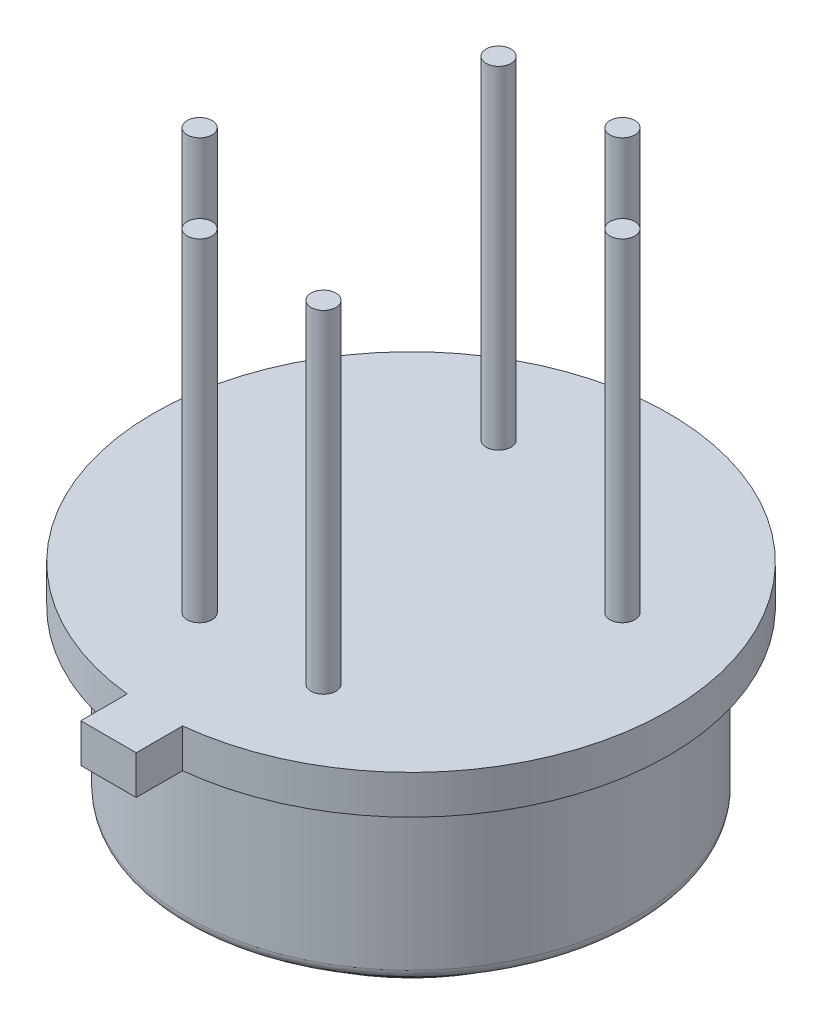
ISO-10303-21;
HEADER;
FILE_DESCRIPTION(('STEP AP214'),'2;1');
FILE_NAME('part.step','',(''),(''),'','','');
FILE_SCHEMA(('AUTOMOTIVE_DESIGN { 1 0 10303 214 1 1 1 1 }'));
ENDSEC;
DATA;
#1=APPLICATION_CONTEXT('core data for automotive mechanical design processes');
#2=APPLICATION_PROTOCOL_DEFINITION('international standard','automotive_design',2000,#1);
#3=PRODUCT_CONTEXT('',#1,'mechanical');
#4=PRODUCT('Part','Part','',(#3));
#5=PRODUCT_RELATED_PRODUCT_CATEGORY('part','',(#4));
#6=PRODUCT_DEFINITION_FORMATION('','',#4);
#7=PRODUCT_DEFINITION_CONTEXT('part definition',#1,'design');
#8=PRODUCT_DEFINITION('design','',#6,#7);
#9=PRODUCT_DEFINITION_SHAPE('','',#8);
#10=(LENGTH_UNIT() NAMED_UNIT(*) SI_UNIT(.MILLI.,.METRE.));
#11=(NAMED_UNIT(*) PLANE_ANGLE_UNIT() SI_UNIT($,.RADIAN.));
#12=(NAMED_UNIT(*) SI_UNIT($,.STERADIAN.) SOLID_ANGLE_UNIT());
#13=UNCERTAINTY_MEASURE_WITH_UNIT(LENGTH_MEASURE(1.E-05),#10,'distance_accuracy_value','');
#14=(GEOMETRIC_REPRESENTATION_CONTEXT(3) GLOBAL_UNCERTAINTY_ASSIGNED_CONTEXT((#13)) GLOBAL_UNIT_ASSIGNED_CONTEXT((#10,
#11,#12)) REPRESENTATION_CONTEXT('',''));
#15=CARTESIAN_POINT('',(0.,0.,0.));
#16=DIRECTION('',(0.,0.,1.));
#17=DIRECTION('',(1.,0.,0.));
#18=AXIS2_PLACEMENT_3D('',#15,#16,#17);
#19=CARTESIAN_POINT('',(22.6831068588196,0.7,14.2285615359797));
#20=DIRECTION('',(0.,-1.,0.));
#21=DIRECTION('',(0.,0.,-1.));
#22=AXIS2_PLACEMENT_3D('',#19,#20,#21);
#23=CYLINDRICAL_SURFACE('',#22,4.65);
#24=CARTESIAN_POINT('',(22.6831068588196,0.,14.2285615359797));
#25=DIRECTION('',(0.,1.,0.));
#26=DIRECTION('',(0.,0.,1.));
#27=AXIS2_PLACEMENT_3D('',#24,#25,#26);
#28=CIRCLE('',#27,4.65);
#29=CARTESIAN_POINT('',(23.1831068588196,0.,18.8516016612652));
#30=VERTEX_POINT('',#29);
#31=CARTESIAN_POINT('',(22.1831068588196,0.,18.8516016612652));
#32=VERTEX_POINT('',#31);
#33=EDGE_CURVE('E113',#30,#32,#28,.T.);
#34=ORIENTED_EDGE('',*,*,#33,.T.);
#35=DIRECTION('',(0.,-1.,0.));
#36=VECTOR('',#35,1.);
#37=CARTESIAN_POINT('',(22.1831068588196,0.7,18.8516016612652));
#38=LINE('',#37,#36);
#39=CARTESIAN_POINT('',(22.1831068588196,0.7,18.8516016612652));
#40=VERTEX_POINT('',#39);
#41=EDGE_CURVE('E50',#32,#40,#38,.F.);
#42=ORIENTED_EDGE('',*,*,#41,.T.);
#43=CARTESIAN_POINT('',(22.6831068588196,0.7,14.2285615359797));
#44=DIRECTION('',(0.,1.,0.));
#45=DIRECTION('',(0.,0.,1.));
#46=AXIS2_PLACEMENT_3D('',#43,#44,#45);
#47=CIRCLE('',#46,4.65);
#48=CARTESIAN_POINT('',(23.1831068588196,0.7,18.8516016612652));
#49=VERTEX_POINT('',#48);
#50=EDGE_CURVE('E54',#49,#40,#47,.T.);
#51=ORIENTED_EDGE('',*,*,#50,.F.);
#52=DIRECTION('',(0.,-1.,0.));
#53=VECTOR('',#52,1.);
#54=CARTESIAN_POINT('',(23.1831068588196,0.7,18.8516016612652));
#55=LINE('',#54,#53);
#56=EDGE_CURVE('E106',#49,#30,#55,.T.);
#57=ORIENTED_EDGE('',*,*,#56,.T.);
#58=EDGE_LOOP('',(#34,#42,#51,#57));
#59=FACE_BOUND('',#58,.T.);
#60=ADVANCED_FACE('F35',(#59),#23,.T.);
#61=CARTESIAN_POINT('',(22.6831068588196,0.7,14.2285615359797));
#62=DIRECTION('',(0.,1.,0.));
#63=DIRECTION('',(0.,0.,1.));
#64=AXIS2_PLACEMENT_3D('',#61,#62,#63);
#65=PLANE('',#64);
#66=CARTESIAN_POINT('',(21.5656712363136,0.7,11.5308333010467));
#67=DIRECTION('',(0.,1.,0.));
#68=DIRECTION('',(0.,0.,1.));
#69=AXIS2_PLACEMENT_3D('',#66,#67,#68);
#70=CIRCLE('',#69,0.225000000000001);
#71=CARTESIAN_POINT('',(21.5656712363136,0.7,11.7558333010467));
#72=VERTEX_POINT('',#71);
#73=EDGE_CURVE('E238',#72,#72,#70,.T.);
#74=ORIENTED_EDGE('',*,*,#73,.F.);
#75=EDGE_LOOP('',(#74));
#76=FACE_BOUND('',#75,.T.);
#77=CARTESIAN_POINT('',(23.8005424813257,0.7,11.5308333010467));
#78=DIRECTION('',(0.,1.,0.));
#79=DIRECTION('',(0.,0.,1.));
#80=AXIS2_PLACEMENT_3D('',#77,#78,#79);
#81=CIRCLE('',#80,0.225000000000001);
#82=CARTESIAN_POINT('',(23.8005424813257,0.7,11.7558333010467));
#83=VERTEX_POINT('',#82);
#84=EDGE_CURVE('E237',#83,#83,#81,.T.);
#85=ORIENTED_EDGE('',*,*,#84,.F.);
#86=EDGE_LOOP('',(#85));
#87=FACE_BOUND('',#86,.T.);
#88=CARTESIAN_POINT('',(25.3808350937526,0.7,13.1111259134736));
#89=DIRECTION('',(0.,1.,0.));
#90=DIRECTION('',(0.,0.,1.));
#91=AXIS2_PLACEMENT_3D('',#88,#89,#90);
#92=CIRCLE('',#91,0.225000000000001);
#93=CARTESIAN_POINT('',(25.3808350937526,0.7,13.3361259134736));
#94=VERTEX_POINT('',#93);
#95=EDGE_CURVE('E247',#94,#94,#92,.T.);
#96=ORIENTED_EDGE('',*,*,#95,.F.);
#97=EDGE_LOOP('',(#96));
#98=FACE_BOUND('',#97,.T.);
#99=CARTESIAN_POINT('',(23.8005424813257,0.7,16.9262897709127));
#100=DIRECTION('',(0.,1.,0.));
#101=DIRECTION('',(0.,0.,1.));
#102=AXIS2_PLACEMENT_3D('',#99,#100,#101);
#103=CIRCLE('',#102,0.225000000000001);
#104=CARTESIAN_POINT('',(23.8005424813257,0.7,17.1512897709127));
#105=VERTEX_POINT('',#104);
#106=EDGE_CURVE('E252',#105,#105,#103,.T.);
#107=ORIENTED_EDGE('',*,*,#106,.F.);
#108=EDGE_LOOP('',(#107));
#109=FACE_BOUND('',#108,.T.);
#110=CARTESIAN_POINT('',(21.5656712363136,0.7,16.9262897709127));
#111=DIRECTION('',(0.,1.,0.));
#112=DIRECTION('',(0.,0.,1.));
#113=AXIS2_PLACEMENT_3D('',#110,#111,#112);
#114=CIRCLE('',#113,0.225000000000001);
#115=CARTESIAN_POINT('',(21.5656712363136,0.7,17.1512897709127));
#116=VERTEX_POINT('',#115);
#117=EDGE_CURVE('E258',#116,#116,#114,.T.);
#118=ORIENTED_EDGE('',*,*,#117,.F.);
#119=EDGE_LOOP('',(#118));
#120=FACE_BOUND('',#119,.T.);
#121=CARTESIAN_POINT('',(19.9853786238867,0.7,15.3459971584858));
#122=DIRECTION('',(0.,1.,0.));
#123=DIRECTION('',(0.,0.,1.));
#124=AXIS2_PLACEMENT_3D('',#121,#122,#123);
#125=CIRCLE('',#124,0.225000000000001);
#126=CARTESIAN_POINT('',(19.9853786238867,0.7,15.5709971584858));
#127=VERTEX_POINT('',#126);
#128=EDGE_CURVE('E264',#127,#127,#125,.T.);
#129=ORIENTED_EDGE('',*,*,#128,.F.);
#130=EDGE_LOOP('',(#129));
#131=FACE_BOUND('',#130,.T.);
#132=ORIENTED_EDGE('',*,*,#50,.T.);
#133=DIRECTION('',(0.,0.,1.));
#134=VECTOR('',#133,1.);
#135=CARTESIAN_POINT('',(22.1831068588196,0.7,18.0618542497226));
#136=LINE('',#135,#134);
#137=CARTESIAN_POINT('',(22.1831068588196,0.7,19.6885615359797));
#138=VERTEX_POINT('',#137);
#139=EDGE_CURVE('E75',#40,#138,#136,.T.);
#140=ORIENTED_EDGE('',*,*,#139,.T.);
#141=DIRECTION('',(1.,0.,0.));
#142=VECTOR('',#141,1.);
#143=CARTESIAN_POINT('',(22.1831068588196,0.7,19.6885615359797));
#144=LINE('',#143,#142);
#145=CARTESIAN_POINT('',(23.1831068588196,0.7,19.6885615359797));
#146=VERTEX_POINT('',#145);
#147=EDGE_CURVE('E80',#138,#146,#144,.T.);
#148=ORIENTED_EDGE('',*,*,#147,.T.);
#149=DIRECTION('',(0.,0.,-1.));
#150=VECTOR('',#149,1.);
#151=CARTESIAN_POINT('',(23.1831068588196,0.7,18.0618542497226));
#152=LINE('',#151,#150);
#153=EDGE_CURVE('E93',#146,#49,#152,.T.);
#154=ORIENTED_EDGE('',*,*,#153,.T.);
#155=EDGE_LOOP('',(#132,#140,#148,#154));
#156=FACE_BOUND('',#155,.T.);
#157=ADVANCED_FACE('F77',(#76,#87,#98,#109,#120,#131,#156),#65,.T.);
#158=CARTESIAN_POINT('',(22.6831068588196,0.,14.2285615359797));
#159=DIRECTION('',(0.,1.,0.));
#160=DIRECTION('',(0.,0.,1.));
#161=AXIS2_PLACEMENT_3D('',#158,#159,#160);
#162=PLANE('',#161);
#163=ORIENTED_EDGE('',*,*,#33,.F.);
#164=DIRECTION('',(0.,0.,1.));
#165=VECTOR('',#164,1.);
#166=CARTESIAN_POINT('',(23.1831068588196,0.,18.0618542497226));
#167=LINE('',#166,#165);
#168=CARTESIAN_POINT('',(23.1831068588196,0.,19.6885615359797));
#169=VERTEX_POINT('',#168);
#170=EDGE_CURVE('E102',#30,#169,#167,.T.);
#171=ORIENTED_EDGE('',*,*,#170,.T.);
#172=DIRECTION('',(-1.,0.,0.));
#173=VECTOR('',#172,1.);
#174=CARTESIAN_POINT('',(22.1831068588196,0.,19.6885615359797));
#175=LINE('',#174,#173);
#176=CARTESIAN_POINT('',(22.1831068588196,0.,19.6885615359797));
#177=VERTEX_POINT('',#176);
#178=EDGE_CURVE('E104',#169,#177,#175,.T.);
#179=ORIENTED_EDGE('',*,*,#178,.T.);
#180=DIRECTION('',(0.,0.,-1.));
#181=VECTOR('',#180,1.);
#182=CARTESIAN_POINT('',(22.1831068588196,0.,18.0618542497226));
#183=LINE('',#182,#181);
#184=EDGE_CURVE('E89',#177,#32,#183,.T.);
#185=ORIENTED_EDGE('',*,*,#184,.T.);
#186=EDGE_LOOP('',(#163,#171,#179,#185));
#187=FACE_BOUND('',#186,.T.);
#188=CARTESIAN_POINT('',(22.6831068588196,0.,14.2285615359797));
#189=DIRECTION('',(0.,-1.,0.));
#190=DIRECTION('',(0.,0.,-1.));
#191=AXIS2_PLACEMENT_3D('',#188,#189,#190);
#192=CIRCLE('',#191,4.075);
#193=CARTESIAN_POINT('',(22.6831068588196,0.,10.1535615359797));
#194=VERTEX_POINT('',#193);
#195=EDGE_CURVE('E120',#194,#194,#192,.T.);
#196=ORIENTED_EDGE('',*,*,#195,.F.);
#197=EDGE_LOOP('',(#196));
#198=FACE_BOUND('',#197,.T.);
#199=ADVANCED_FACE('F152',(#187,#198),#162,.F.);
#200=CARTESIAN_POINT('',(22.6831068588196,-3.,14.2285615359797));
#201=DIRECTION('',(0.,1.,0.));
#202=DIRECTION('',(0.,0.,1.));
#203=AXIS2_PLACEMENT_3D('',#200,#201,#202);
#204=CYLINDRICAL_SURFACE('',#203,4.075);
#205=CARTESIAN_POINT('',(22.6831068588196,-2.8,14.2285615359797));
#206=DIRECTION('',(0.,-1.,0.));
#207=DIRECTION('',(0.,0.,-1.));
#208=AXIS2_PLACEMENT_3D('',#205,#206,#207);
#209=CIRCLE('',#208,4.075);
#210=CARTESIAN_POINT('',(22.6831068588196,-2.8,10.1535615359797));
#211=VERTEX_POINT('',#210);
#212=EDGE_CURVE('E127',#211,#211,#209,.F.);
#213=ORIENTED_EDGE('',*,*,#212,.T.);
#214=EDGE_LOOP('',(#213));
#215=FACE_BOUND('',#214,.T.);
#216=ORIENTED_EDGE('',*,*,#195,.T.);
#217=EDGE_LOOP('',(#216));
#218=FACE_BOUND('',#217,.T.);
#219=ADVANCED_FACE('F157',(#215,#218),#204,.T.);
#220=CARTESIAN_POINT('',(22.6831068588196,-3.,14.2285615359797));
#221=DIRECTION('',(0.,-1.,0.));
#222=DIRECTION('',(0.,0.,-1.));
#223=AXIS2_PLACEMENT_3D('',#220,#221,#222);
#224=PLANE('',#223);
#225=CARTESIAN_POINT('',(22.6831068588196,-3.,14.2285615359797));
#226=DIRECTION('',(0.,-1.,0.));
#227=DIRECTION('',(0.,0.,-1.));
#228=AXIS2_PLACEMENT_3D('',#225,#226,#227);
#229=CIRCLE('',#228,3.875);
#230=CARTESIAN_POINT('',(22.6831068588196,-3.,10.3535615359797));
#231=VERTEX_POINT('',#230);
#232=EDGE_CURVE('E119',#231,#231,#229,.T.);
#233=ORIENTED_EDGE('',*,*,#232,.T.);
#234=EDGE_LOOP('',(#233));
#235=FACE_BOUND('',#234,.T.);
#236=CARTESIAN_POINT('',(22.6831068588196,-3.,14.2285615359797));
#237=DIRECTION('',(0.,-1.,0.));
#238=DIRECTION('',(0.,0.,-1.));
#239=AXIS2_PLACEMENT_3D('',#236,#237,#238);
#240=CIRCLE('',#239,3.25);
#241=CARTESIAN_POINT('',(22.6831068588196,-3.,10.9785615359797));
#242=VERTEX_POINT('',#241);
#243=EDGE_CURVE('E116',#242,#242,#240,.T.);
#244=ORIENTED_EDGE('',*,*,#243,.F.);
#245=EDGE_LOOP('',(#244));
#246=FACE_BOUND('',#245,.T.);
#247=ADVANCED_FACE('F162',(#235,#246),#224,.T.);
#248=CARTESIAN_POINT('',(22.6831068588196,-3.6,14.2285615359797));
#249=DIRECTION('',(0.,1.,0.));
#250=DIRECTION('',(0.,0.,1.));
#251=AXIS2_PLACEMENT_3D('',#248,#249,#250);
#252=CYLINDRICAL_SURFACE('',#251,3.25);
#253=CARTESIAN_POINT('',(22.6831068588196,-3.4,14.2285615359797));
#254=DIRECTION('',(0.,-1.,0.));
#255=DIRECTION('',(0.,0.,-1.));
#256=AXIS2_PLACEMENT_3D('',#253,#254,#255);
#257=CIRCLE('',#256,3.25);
::::
▶ [WHAT YOU SHOULD DO]
Only an exact copy is needed: the lines from the opening of the listing through the line with "#21=DIRECTION('',(0.,0.,-1.));", both included, minus the pictures.

▶ [FINISHED TASK]
ISO-10303-21;
HEADER;
FILE_DESCRIPTION(('STEP AP214'),'2;1');
FILE_NAME('part.step','',(''),(''),'','','');
FILE_SCHEMA(('AUTOMOTIVE_DESIGN { 1 0 10303 214 1 1 1 1 }'));
ENDSEC;
DATA;
#1=APPLICATION_CONTEXT('core data for automotive mechanical design processes');
#2=APPLICATION_PROTOCOL_DEFINITION('international standard','automotive_design',2000,#1);
#3=PRODUCT_CONTEXT('',#1,'mechanical');
#4=PRODUCT('Part','Part','',(#3));
#5=PRODUCT_RELATED_PRODUCT_CATEGORY('part','',(#4));
#6=PRODUCT_DEFINITION_FORMATION('','',#4);
#7=PRODUCT_DEFINITION_CONTEXT('part definition',#1,'design');
#8=PRODUCT_DEFINITION('design','',#6,#7);
#9=PRODUCT_DEFINITION_SHAPE('','',#8);
#10=(LENGTH_UNIT() NAMED_UNIT(*) SI_UNIT(.MILLI.,.METRE.));
#11=(NAMED_UNIT(*) PLANE_ANGLE_UNIT() SI_UNIT($,.RADIAN.));
#12=(NAMED_UNIT(*) SI_UNIT($,.STERADIAN.) SOLID_ANGLE_UNIT());
#13=UNCERTAINTY_MEASURE_WITH_UNIT(LENGTH_MEASURE(1.E-05),#10,'distance_accuracy_value','');
#14=(GEOMETRIC_REPRESENTATION_CONTEXT(3) GLOBAL_UNCERTAINTY_ASSIGNED_CONTEXT((#13)) GLOBAL_UNIT_ASSIGNED_CONTEXT((#10,
#11,#12)) REPRESENTATION_CONTEXT('',''));
#15=CARTESIAN_POINT('',(0.,0.,0.));
#16=DIRECTION('',(0.,0.,1.));
#17=DIRECTION('',(1.,0.,0.));
#18=AXIS2_PLACEMENT_3D('',#15,#16,#17);
#19=CARTESIAN_POINT('',(22.6831068588196,0.7,14.2285615359797));
#20=DIRECTION('',(0.,-1.,0.));
#21=DIRECTION('',(0.,0.,-1.));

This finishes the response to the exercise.